Materials provided: Begin

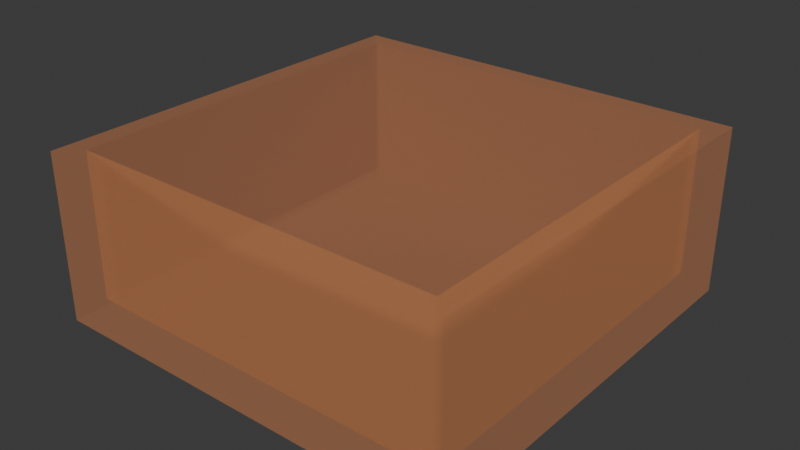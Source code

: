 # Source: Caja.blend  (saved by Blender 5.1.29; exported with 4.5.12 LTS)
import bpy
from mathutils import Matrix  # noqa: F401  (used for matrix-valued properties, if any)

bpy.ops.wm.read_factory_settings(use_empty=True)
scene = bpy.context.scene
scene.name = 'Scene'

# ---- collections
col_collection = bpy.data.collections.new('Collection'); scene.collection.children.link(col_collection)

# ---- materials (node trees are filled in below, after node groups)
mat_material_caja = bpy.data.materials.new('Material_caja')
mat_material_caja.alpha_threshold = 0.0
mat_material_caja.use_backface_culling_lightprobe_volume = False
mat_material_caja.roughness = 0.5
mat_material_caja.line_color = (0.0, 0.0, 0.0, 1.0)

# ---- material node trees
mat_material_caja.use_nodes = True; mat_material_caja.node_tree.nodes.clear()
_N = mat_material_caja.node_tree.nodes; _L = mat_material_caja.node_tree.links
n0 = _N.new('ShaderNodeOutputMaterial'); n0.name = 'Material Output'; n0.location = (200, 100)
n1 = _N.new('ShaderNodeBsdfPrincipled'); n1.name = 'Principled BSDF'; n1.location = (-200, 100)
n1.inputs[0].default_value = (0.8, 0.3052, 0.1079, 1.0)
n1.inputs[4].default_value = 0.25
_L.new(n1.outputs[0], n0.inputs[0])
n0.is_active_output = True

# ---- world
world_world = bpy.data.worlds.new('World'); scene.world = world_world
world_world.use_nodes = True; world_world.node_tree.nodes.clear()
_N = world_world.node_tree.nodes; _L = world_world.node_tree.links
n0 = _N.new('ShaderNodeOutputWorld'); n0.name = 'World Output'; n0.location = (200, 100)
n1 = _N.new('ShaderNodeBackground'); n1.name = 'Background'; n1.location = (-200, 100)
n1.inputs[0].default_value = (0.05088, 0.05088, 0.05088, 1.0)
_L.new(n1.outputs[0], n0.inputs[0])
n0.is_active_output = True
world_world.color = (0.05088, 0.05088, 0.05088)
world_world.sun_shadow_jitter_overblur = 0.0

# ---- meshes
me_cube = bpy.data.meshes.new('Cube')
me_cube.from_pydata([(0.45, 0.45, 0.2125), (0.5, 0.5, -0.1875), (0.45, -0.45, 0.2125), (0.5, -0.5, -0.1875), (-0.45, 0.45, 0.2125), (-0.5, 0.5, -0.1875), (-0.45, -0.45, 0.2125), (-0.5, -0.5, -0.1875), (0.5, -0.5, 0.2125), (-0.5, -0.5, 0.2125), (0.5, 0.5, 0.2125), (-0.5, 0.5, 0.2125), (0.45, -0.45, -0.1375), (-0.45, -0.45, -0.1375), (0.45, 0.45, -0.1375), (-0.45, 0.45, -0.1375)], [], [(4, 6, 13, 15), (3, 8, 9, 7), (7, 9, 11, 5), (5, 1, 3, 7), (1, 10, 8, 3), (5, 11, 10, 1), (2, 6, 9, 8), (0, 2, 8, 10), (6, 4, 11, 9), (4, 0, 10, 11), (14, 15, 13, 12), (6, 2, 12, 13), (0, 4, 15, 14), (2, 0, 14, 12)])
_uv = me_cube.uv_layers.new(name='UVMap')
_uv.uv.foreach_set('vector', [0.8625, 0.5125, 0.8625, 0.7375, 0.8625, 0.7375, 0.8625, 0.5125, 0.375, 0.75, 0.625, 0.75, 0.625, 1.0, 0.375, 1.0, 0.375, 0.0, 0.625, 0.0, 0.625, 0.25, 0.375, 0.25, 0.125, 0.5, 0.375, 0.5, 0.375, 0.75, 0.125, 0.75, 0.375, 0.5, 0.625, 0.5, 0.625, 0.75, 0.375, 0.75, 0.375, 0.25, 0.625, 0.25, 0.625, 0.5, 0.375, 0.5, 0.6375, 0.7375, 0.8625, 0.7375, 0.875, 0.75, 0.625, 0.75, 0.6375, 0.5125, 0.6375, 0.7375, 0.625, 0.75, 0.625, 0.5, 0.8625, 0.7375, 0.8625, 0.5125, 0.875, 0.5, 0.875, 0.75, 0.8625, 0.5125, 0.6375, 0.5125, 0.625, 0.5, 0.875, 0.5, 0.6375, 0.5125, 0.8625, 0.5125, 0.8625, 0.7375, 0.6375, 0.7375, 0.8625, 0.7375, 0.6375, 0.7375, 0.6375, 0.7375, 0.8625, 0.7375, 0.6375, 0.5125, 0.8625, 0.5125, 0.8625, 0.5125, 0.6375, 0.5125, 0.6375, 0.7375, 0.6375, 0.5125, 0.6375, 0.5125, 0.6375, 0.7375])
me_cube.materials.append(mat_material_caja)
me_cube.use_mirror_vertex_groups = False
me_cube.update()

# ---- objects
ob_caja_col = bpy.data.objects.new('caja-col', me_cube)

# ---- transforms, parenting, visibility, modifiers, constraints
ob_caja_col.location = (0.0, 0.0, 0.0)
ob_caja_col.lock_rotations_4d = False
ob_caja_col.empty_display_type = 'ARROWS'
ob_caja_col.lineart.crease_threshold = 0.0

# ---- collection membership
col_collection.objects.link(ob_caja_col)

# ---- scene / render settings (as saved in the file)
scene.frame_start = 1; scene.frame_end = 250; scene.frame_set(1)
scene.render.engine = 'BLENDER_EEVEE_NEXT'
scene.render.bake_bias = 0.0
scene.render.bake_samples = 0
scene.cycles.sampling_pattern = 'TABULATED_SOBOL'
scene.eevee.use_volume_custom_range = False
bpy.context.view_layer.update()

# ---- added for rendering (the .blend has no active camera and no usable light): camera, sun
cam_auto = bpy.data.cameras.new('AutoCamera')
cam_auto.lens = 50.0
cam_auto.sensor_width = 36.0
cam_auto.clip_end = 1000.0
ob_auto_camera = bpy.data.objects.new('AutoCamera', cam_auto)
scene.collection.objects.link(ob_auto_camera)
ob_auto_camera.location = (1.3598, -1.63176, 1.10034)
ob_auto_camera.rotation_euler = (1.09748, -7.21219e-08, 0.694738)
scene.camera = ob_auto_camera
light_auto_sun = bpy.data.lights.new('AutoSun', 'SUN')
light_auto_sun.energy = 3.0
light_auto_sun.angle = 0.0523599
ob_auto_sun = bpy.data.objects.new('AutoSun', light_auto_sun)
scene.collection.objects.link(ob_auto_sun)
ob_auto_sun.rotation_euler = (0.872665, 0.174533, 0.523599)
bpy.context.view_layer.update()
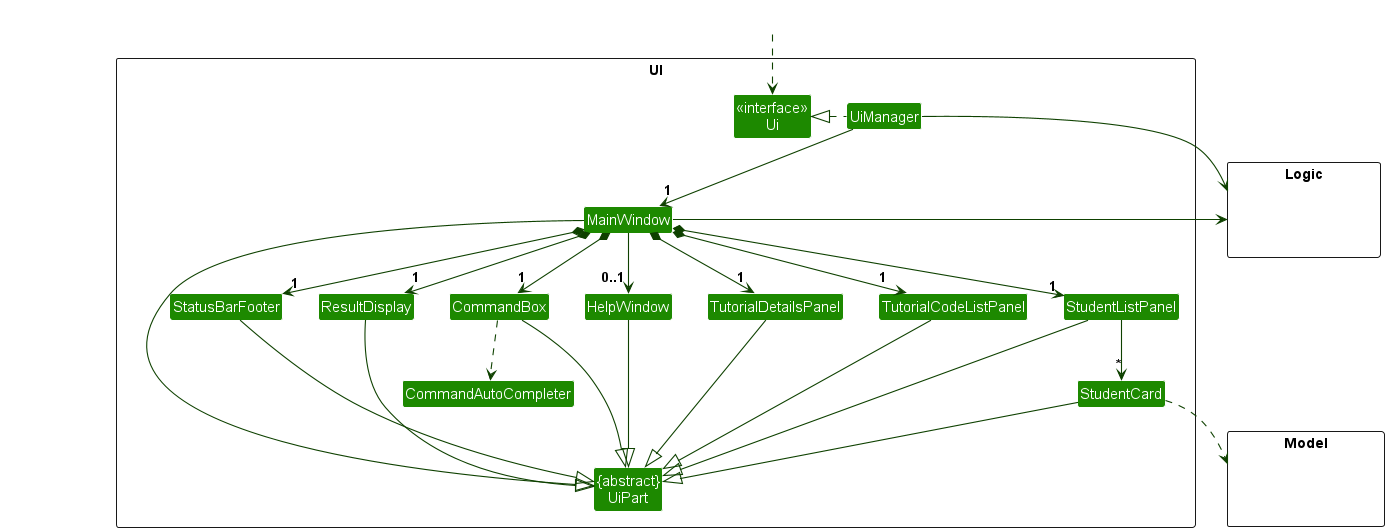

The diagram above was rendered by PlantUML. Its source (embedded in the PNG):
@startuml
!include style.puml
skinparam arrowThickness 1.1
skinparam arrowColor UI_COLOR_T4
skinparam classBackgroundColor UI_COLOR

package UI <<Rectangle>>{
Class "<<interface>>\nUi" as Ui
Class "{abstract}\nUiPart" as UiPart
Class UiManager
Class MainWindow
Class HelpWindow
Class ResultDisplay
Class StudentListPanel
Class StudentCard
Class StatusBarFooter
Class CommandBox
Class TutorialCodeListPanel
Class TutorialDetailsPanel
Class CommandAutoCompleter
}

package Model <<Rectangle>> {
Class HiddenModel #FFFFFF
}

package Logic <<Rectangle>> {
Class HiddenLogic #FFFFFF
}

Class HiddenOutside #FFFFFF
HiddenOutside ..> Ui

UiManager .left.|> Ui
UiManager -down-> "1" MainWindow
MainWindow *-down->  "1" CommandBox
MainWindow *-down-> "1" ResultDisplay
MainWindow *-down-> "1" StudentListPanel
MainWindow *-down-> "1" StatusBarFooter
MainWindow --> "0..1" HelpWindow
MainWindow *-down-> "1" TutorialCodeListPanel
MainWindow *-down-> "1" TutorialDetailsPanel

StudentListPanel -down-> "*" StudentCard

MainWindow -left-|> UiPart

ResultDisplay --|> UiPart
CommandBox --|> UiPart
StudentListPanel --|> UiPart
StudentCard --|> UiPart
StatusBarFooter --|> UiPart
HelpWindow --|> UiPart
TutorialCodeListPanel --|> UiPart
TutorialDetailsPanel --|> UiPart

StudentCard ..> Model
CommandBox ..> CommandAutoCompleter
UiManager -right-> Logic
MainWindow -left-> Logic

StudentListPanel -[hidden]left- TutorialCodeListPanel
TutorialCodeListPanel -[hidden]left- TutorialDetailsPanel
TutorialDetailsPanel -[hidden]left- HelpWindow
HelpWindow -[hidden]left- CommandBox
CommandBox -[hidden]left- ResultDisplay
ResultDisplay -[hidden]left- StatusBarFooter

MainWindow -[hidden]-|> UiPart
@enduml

Materials provided: End

_Prompt:_
Starting with the line that holds "# ---- material node trees" and ending with the line that holds "me_cube = bpy.data.meshes.new('Cube')", retype every line in the data above exactly, and nothing else.

_Output of the task:_
# ---- material node trees
mat_material_caja.use_nodes = True; mat_material_caja.node_tree.nodes.clear()
_N = mat_material_caja.node_tree.nodes; _L = mat_material_caja.node_tree.links
n0 = _N.new('ShaderNodeOutputMaterial'); n0.name = 'Material Output'; n0.location = (200, 100)
n1 = _N.new('ShaderNodeBsdfPrincipled'); n1.name = 'Principled BSDF'; n1.location = (-200, 100)
n1.inputs[0].default_value = (0.8, 0.3052, 0.1079, 1.0)
n1.inputs[4].default_value = 0.25
_L.new(n1.outputs[0], n0.inputs[0])
n0.is_active_output = True

# ---- world
world_world = bpy.data.worlds.new('World'); scene.world = world_world
world_world.use_nodes = True; world_world.node_tree.nodes.clear()
_N = world_world.node_tree.nodes; _L = world_world.node_tree.links
n0 = _N.new('ShaderNodeOutputWorld'); n0.name = 'World Output'; n0.location = (200, 100)
n1 = _N.new('ShaderNodeBackground'); n1.name = 'Background'; n1.location = (-200, 100)
n1.inputs[0].default_value = (0.05088, 0.05088, 0.05088, 1.0)
_L.new(n1.outputs[0], n0.inputs[0])
n0.is_active_output = True
world_world.color = (0.05088, 0.05088, 0.05088)
world_world.sun_shadow_jitter_overblur = 0.0

# ---- meshes
me_cube = bpy.data.meshes.new('Cube')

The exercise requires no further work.